▶ _Exercise requirements_
Take the entries that follow and return exactly the lines from the one holding "2012-10-21 minor q to remember" through the one holding "2012-11-13 moved all", both included. Nothing else is needed.
--------------------
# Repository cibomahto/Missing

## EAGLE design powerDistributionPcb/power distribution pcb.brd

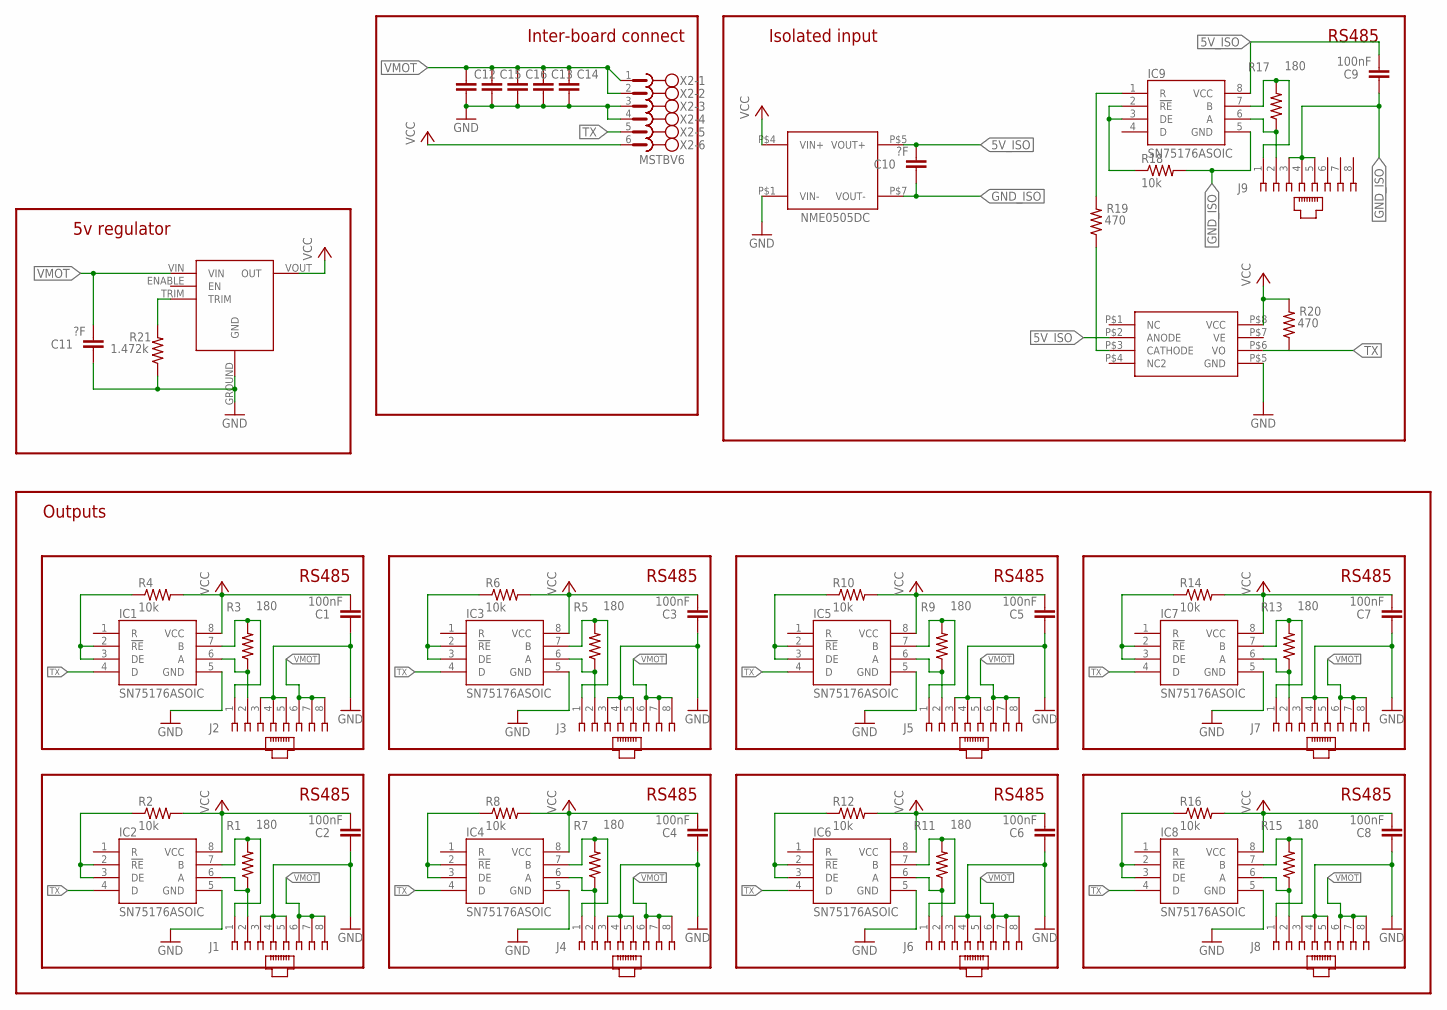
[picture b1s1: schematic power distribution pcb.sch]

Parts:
C1, C2, C3, C4, C5, C6, C7, C8, C9: 100nF; 0805
C10, C11: ?F; 0805
C12, C13, C14, C15, C16: CAP1210; 1210
IC1, IC2, IC3, IC4, IC5, IC6, IC7, IC8, IC9: SN75176ASOIC; SO08
J1, J2, J3, J4, J5, J6, J7, J8, J9: 520426-4
R1, R3, R5, R7, R9, R11, R13, R15, R17: 180; 0805
R2, R4, R6, R8, R10, R12, R14, R16, R18: 10k; 0805
R19, R20: 470; 0805
R21: 1.472k; 0805
U$1: NME0505DC
U$2: OKI-T/3-W40N-C
U$3: 6N137; 8_SOIC
X2: MSTBV6

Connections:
5V_ISO: C9.2, C10.2, IC9.8 (VCC), U$1.P$5 (VOUT+), U$3.P$2 (ANODE)
D1: IC1.2 (!RE), IC1.3 (DE), R4.1
D2: IC2.2 (!RE), IC2.3 (DE), R2.1
D3: IC3.2 (!RE), IC3.3 (DE), R6.1
D4: IC4.2 (!RE), IC4.3 (DE), R8.1
D5: IC5.2 (!RE), IC5.3 (DE), R10.1
D6: IC6.2 (!RE), IC6.3 (DE), R12.1
D7: IC7.2 (!RE), IC7.3 (DE), R14.1
D8: IC8.2 (!RE), IC8.3 (DE), R16.1
D9: IC9.2 (!RE), IC9.3 (DE), R18.1
GND: C1.1, C2.1, C3.1, C4.1, C5.1, C6.1, C7.1, C8.1, C11.1, C12.2, C13.2, C14.2, C15.2, C16.2, IC1.5 (GND), IC2.5 (GND), IC3.5 (GND), IC4.5 (GND), IC5.5 (GND), IC6.5 (GND), IC7.5 (GND), IC8.5 (GND), J1.3, J1.4, J1.5, J2.3, J2.4, J2.5, J3.3, J3.4, J3.5, J4.3, J4.4, J4.5, J5.3, J5.4, J5.5, J6.3, J6.4, J6.5, J7.3, J7.4, J7.5, J8.3, J8.4, J8.5, R21.1, U$1.P$1 (VIN-), U$2.GROUND (GND), U$3.P$5 (GND), X2.3, X2.4
GND_ISO: C9.1, C10.1, IC9.5 (GND), J9.3, J9.4, J9.5, R18.2, U$1.P$7 (VOUT-)
unnamed: R19.1, U$3.P$3 (CATHODE)
unnamed: IC9.1 (R), R19.2
unnamed: R21.2, U$2.TRIM
RS485A1: IC1.6 (A), J2.2, R3.1
RS485A2: IC2.6 (A), J1.2, R1.1
RS485A3: IC3.6 (A), J3.2, R5.1
RS485A4: IC4.6 (A), J4.2, R7.1
RS485A5: IC5.6 (A), J5.2, R9.1
RS485A6: IC6.6 (A), J6.2, R11.1
RS485A7: IC7.6 (A), J7.2, R13.1
RS485A8: IC8.6 (A), J8.2, R15.1
RS485A9: IC9.6 (A), J9.2, R17.1
RS485B1: IC1.7 (B), J2.1, R3.2
RS485B2: IC2.7 (B), J1.1, R1.2
RS485B3: IC3.7 (B), J3.1, R5.2
RS485B4: IC4.7 (B), J4.1, R7.2
RS485B5: IC5.7 (B), J5.1, R9.2
RS485B6: IC6.7 (B), J6.1, R11.2
RS485B7: IC7.7 (B), J7.1, R13.2
RS485B8: IC8.7 (B), J8.1, R15.2
RS485B9: IC9.7 (B), J9.1, R17.2
TX: IC1.4 (D), IC2.4 (D), IC3.4 (D), IC4.4 (D), IC5.4 (D), IC6.4 (D), IC7.4 (D), IC8.4 (D), R20.1, U$3.P$6 (VO), X2.5
VCC: C1.2, C2.2, C3.2, C4.2, C5.2, C6.2, C7.2, C8.2, IC1.8 (VCC), IC2.8 (VCC), IC3.8 (VCC), IC4.8 (VCC), IC5.8 (VCC), IC6.8 (VCC), IC7.8 (VCC), IC8.8 (VCC), R2.2, R4.2, R6.2, R8.2, R10.2, R12.2, R14.2, R16.2, R20.2, U$1.P$4 (VIN+), U$2.VOUT (OUT), U$3.P$8 (VCC), X2.6
VMOT: C11.2, C12.1, C13.1, C14.1, C15.1, C16.1, J1.6, J1.7, J1.8, J2.6, J2.7, J2.8, J3.6, J3.7, J3.8, J4.6, J4.7, J4.8, J5.6, J5.7, J5.8, J6.6, J6.7, J6.8, J7.6, J7.7, J7.8, J8.6, J8.7, J8.8, U$2.VIN, X2.1, X2.2

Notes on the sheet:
RS485
Outputs
Isolated input
Inter-board connect
5v regulator

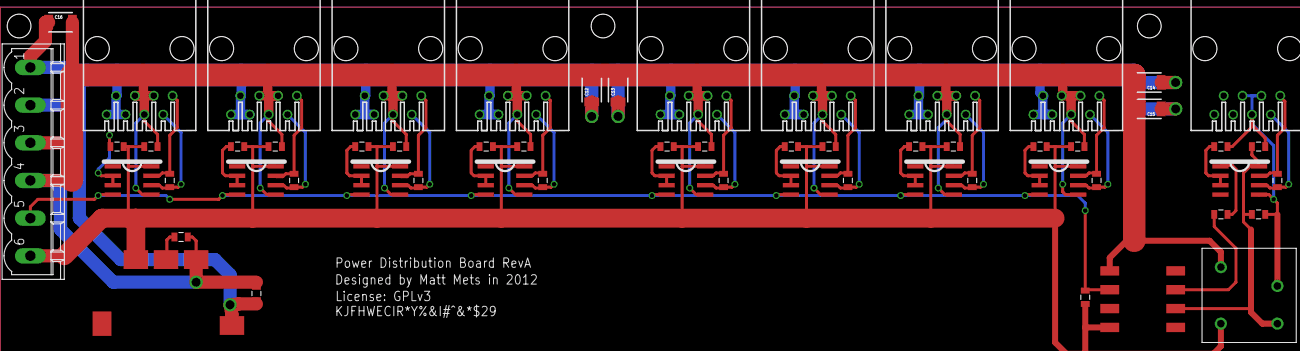
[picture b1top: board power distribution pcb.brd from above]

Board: 2 copper layers, 59 parts (0 on the bottom side), 36 nets.

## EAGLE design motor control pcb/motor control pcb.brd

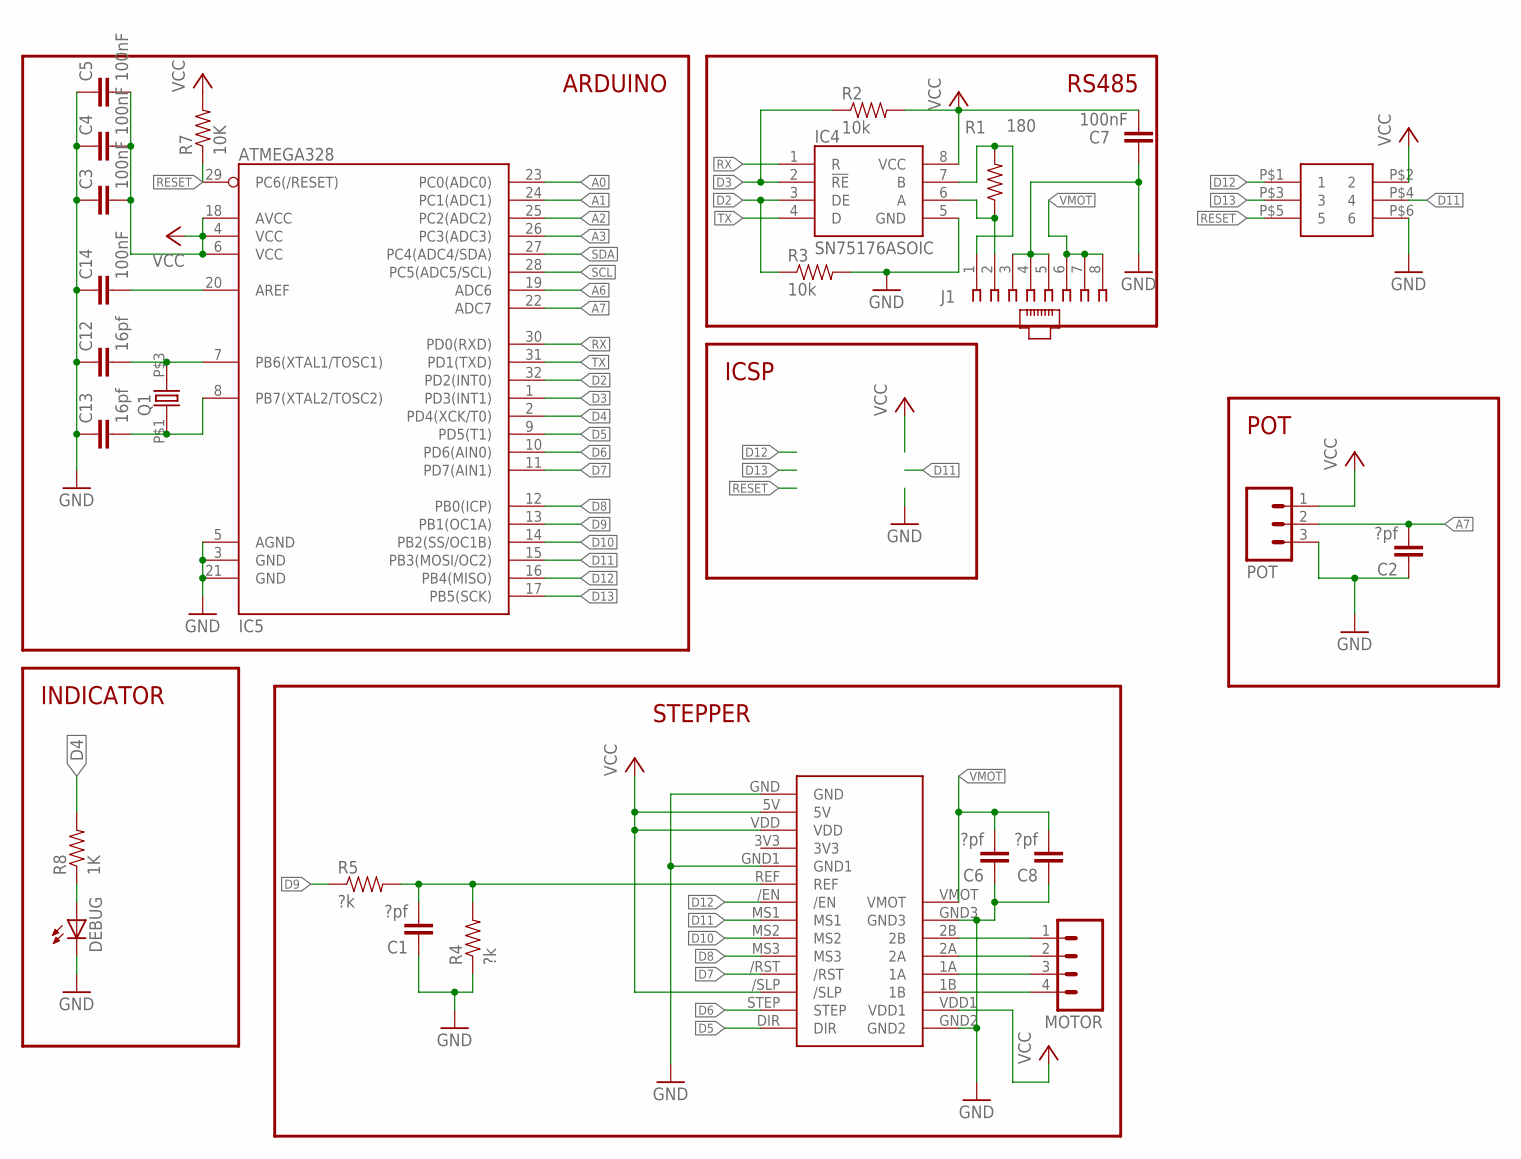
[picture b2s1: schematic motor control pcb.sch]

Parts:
C1, C2, C6: ?pf; 0805
C3, C4, C5, C7, C14: 100nF; 0805
C8: ?pf; 1210
C12, C13: 16pf; 0805
DEBUG: LED0805; LED-0805
IC4: SN75176ASOIC; SO08
IC5: ATMEGA328; TQFP32-08
J1: 520426-4
MOTOR: M04PTH; 1X04
POT: M03PTH; 1X03
Q1: GLOWBOARD_ABMM2; GLOWBOARD_ABMM2_CRYSTAL
R1: 180; 0805
R2, R3: 10k; 0805
R4, R5: ?k; 0805
R7: 10K; 0805
R8: 1K; 0805
U$1: POLOLU_DRIVER
U$2: 2X3HEADER

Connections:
A0: IC5.23 (PC0(ADC0))
A1: IC5.24 (PC1(ADC1))
A2: IC5.25 (PC2(ADC2))
A3: IC5.26 (PC3(ADC3))
A6: IC5.19 (ADC6)
A7: C2.2, IC5.22 (ADC7), POT.2
D2: IC4.3 (DE), IC5.32 (PD2(INT0)), R3.1
D3: IC4.2 (!RE), IC5.1 (PD3(INT1)), R2.1
D4: IC5.2 (PD4(XCK/T0)), R8.2
D5: IC5.9 (PD5(T1)), U$1.DIR
D6: IC5.10 (PD6(AIN0)), U$1.STEP
D7: IC5.11 (PD7(AIN1)), U$1./RST
D8: IC5.12 (PB0(ICP)), U$1.MS3
D9: IC5.13 (PB1(OC1A)), R5.1
D10: IC5.14 (PB2(SS/OC1B)), U$1.MS2
D11: IC5.15 (PB3(MOSI/OC2)), U$1.MS1, U$2.P$4 (4)
D12: IC5.16 (PB4(MISO)), U$1./EN, U$2.P$1 (1)
D13: IC5.17 (PB5(SCK)), U$2.P$3 (3)
GND: C1.1, C2.1, C3.1, C4.1, C5.1, C6.1, C7.1, C8.1, C12.1, C13.1, C14.1, DEBUG.C, IC4.5 (GND), IC5.3 (GND), IC5.5 (AGND), IC5.21 (GND), J1.3, J1.4, J1.5, POT.3, R3.2, R4.1, U$1.GND, U$1.GND1, U$1.GND2, U$1.GND3, U$2.P$6 (6)
unnamed: MOTOR.1, U$1.2B
unnamed: MOTOR.2, U$1.2A
unnamed: MOTOR.3, U$1.1A
unnamed: MOTOR.4, U$1.1B
unnamed: C13.2, IC5.8 (PB7(XTAL2/TOSC2)), Q1.P$1 (1)
unnamed: DEBUG.A, R8.1
unnamed: C1.2, R4.2, R5.2, U$1.REF
unnamed: C14.2, IC5.20 (AREF)
unnamed: C12.2, IC5.7 (PB6(XTAL1/TOSC1)), Q1.P$3 (2)
RESET: IC5.29 (PC6(/RESET)), R7.1, U$2.P$5 (5)
RS485A: IC4.6 (A), J1.2, R1.1
RS485B: IC4.7 (B), J1.1, R1.2
RX: IC4.1 (R), IC5.30 (PD0(RXD))
SCL: IC5.28 (PC5(ADC5/SCL))
SDA: IC5.27 (PC4(ADC4/SDA))
TX: IC4.4 (D), IC5.31 (PD1(TXD))
VCC: C3.2, C4.2, C5.2, C7.2, IC4.8 (VCC), IC5.4 (VCC), IC5.6 (VCC), IC5.18 (AVCC), POT.1, R2.2, R7.2, U$1.5V, U$1./SLP, U$1.VDD, U$1.VDD1, U$2.P$2 (2)
VMOT: C6.2, C8.2, J1.6, J1.7, J1.8, U$1.VMOT

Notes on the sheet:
RS485
ICSP
ARDUINO
INDICATOR
STEPPER
POT

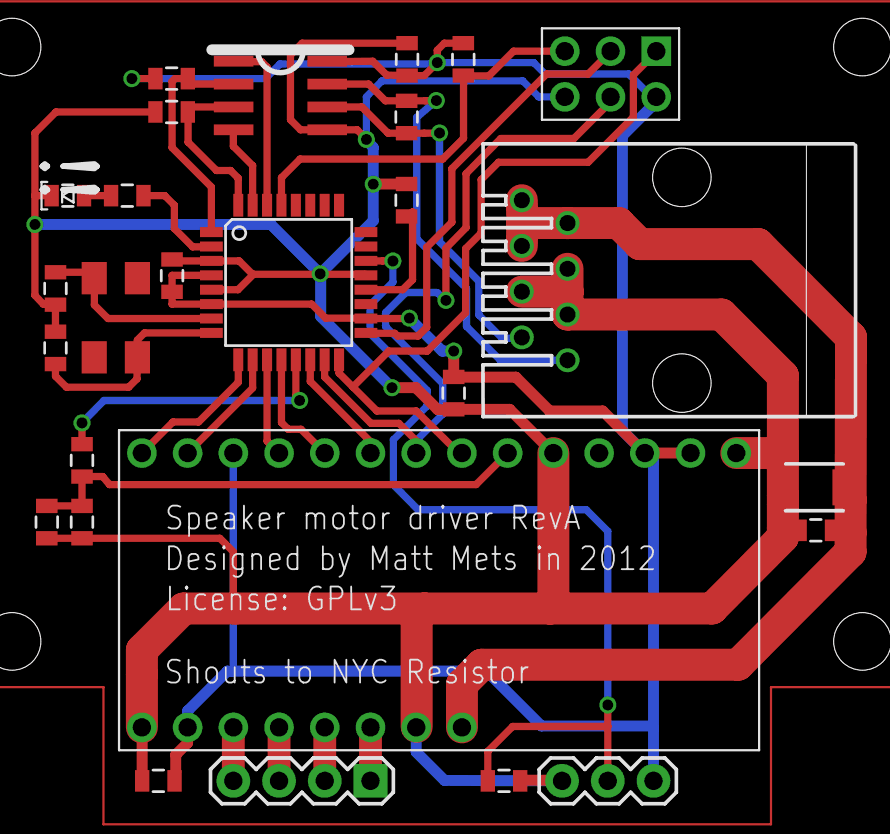
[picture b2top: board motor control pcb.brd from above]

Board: 2 copper layers, 27 parts (0 on the bottom side), 30 nets.

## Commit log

2012-10-02 Initial hardware design.
2012-10-03 Add lasercut files for 1/4 inch acryllic.
2012-10-04 Add protoypes for motor mount, shaft coupler.
2012-10-09 Add test program for stepper control.
2012-10-09 Lasercut plan for the stepper mount
2012-10-10 first pass at a servo loop. for demonstration only.
2012-10-10 Add Rhino model of speaker mount; still a wip
2012-10-11 Bugfix: enable the direction output...
2012-10-11 Add l-bracket mechanicals
2012-10-11 Work better and stuff.
2012-10-11 Switch to a different pot, add space for PCB
2012-10-11 Add quickie Processing example.
2012-10-12 Pull in MB extruder controller, as base for motor control pcb
2012-10-12 Motor control PCB
2012-10-13 Update for Rev A, sent for quotes.
2012-10-14 added play3 model and triangle mount
2012-10-14 wip on wiring
2012-10-15 Make the motor control more fancy.
2012-10-15 updated with total power
2012-10-15 Add revised triangle mount. Tested using 1/8" acrylic, and submitted for quotes.
2012-10-15 Bump motor plate to revA, changed gear size to match new steppers.
2012-10-16 Rev 0 of the motor control pcb; update for smaller traces.
2012-10-16 Add PCB libraries
2012-10-16 Clean up the motion control system; next is to address rapid direction change.
2012-10-16 Make board outline 2"x2"; need to center or make smaller.
2012-10-17 added some physical design specifications
2012-10-17 Update board again.
2012-10-17 Rearrange things.
2012-10-18 Board layout finished, need verification
2012-10-18 Finish laying out and verifying board. Bugfix: don't pull /sleep low.
2012-10-19 Motor control board Rev A, final.
2012-10-19 Motor plate Rev B (includes PCB mount)
2012-10-19 Get rid of unused hardware revs.
2012-10-19 Somewhat better!
2012-10-20 initial movement simulation for single speaker
2012-10-21 abstracted Speaker to class
2012-10-21 complete movement simulation
2012-10-21 added stepper simulation that should help a lot with debugging acceleration logic
2012-10-21 minor q to remember
2012-10-22 added better stepper code to simulation that deals with acceleration/deceleration nicely
2012-10-22 tried to fix name
2012-10-22 new stepper patterns
2012-10-22 all updated code for arduino and pde
2012-10-26 initial tracker just doing background calibration
2012-10-26 next step is getting the cloud aligned a la ofxVirtualKinect
2012-10-26 Add power distribution pcb.
2012-10-30 added basic presence detection image
2012-10-31 Update firmware for actual PCB.
2012-11-01 more controls for point cloud, some essential cv remains and some practical data massaging as well
2012-11-02 Update lasercut versions.
2012-11-02 Firmware bump.
2012-11-02 Add design files for power distribution board
2012-11-04 Firmware bump
2012-11-04 Add gerbers for the PCBs
2012-11-04 Add solder stencil design for the motor control board
2012-11-04 Iterate on the motor plate a bit more (TODO: gear spacing still incorrect)
2012-11-09 added initial app for visualizing entire setup in realtime
2012-11-09 position data and play3 3d model
2012-11-10 working on the smooth movement behavior
2012-11-10 xcode 4, driverinterface
2012-11-11 better speaker movement, crc, debug angles, automated interaction
2012-11-11 minor refactoring, simplifying todo
2012-11-11 added multiple debug views
2012-11-11 added midi output
2012-11-11 updated ofxMidi
2012-11-11 added bitmap font
2012-11-11 midi fixes
2012-11-11 added osc support
2012-11-11 added rotation
2012-11-11 updated project file
2012-11-11 Add processing implementation of the protocol
2012-11-11 added dual kinect example
2012-11-12 working on tracking code, added basic tracker
2012-11-12 trying to figure out why contours are no good, but it's just the way opencv works
2012-11-12 understand contours now, exporting data over osc
2012-11-12 Bump firmware, processing programming environment
2012-11-12 better valid pixel handling
2012-11-12 filtering kinect data
2012-11-12 refactoring
2012-11-13 moved KinectFilter to MissingTracker
2012-11-13 reorganizing to clarify move to more kinects
2012-11-13 moved all kinect specific code to KinectTracker
2012-11-13 dual kinects
2012-11-13 Update speaker motor controller
2012-11-13 Rename motor controller
2012-11-13 Minor debugger bump
2012-11-14 much better tracking, fixed bug with stretchy mesh
2012-11-14 added iir to presence
2012-11-14 versioning settings
2012-11-14 note changes
2012-11-15 added export and center
2012-11-15 refactoring to simplify controlp5 usage
2012-11-15 save calibration data
2012-11-15 calibration sliders fixed to ends
2012-11-15 added calibration data
2012-11-15 updated port, settings, orientation
2012-11-15 usb port should have been merged...
2012-11-15 made data safe, fixed some weird angular representation
2012-11-15 updated for new protocol
2012-11-15 starting to add the control panel
2012-11-15 Firmware bump, video version.
2012-11-15 Remove outdated processing example
2012-11-15 added more controls
2012-11-15 renamed before combining
2012-11-15 Move shit.
2012-11-15 Add production files for lasercut hardware
2012-11-15 Add final solder stencils
2012-11-15 Rename more stuff.
2012-11-15 Rename all the stuff.
2012-11-15 renaming before combining
2012-11-15 forgot to remove some things
2012-11-15 restore speakerMotorDebugger changes.
2012-11-15 combined missing app
2012-11-15 updated debugger, working towards final fixes to main app
2012-11-16 updated calibration
2012-11-16 better calibration
2012-11-16 added midi disable
2012-11-16 more calibration timing updates
2012-11-16 better calibration routine, more sound control
2012-11-16 added Rebuild script, changed schemes
2012-11-19 Add power distribution box plans, courtesy Max
2012-11-19 Remove duplicate solder stencil file.
2012-12-04 Add license info for PCBs and firmware.
2012-12-09 updated calibration with reduced min on speaker 0

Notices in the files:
motor control pcb/motor control pcb.brd:
License: GPLv3
--------------------
▶ _Output_
2012-10-21 minor q to remember
2012-10-22 added better stepper code to simulation that deals with acceleration/deceleration nicely
2012-10-22 tried to fix name
2012-10-22 new stepper patterns
2012-10-22 all updated code for arduino and pde
2012-10-26 initial tracker just doing background calibration
2012-10-26 next step is getting the cloud aligned a la ofxVirtualKinect
2012-10-26 Add power distribution pcb.
2012-10-30 added basic presence detection image
2012-10-31 Update firmware for actual PCB.
2012-11-01 more controls for point cloud, some essential cv remains and some practical data massaging as well
2012-11-02 Update lasercut versions.
2012-11-02 Firmware bump.
2012-11-02 Add design files for power distribution board
2012-11-04 Firmware bump
2012-11-04 Add gerbers for the PCBs
2012-11-04 Add solder stencil design for the motor control board
2012-11-04 Iterate on the motor plate a bit more (TODO: gear spacing still incorrect)
2012-11-09 added initial app for visualizing entire setup in realtime
2012-11-09 position data and play3 3d model
2012-11-10 working on the smooth movement behavior
2012-11-10 xcode 4, driverinterface
2012-11-11 better speaker movement, crc, debug angles, automated interaction
2012-11-11 minor refactoring, simplifying todo
2012-11-11 added multiple debug views
2012-11-11 added midi output
2012-11-11 updated ofxMidi
2012-11-11 added bitmap font
2012-11-11 midi fixes
2012-11-11 added osc support
2012-11-11 added rotation
2012-11-11 updated project file
2012-11-11 Add processing implementation of the protocol
2012-11-11 added dual kinect example
2012-11-12 working on tracking code, added basic tracker
2012-11-12 trying to figure out why contours are no good, but it's just the way opencv works
2012-11-12 understand contours now, exporting data over osc
2012-11-12 Bump firmware, processing programming environment
2012-11-12 better valid pixel handling
2012-11-12 filtering kinect data
2012-11-12 refactoring
2012-11-13 moved KinectFilter to MissingTracker
2012-11-13 reorganizing to clarify move to more kinects
2012-11-13 moved all kinect specific code to KinectTracker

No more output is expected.